*** Provided data ***
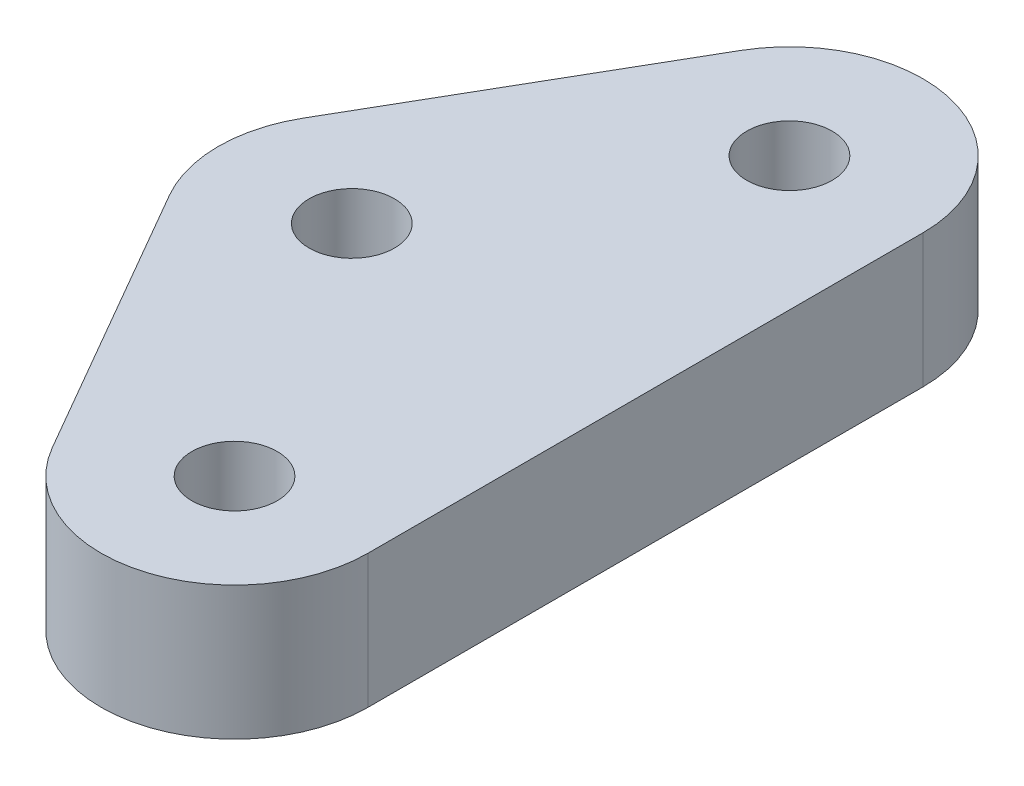
SolidWorks part; units mm, degrees
ref_plane "正面" through (0, 0, 0) normal (0, 0, 1) x (1, 0, 0)
ref_plane "平面" through (0, 0, 0) normal (0, 1, 0) x (1, 0, 0)
ref_plane "右側面" through (0, 0, 0) normal (1, 0, 0) x (0, 0, -1)
sketch "ｽｹｯﾁ1" plane through (0, 0, 0) normal (0, 1, 0) x (1, 0, 0)
  line L0 (11, 10.3923) -> (11, -10.3923)
  line L1 (-4.3301, -2.5) -> (1.6699, -12.8923)
  line L4 (-4.3301, 2.5) -> (1.6699, 12.8923)
  circle A0 centre (0, 0) radius 1.6
  circle A1 centre (6, 10.3923) radius 1.6
  circle A2 centre (6, -10.3923) radius 1.6
  arc A3 (11, 10.3923) -> (1.6699, 12.8923) centre (6, 10.3923) ccw
  arc A4 (1.6699, -12.8923) -> (11, -10.3923) centre (6, -10.3923) ccw
  arc A5 (-4.3301, 2.5) -> (-4.3301, -2.5) centre (0, 0) ccw
  dimension "D1" = 3.2
  dimension "D5" = 10
  dimension "D2" = 12
  dimension "D3" = 12
  dimension "D4" = 120
extrude "ﾎﾞｽ - 押し出し1" add sketch "ｽｹｯﾁ1" along normal blind 5
*** End of Provided data ***
Aim of the task >> Transcribe each entry above exactly, apart from the pictures.

The completed task >>
SolidWorks part; units mm, degrees
ref_plane "正面" through (0, 0, 0) normal (0, 0, 1) x (1, 0, 0)
ref_plane "平面" through (0, 0, 0) normal (0, 1, 0) x (1, 0, 0)
ref_plane "右側面" through (0, 0, 0) normal (1, 0, 0) x (0, 0, -1)
sketch "ｽｹｯﾁ1" plane through (0, 0, 0) normal (0, 1, 0) x (1, 0, 0)
  line L0 (11, 10.3923) -> (11, -10.3923)
  line L1 (-4.3301, -2.5) -> (1.6699, -12.8923)
  line L4 (-4.3301, 2.5) -> (1.6699, 12.8923)
  circle A0 centre (0, 0) radius 1.6
  circle A1 centre (6, 10.3923) radius 1.6
  circle A2 centre (6, -10.3923) radius 1.6
  arc A3 (11, 10.3923) -> (1.6699, 12.8923) centre (6, 10.3923) ccw
  arc A4 (1.6699, -12.8923) -> (11, -10.3923) centre (6, -10.3923) ccw
  arc A5 (-4.3301, 2.5) -> (-4.3301, -2.5) centre (0, 0) ccw
  dimension "D1" = 3.2
  dimension "D5" = 10
  dimension "D2" = 12
  dimension "D3" = 12
  dimension "D4" = 120
extrude "ﾎﾞｽ - 押し出し1" add sketch "ｽｹｯﾁ1" along normal blind 5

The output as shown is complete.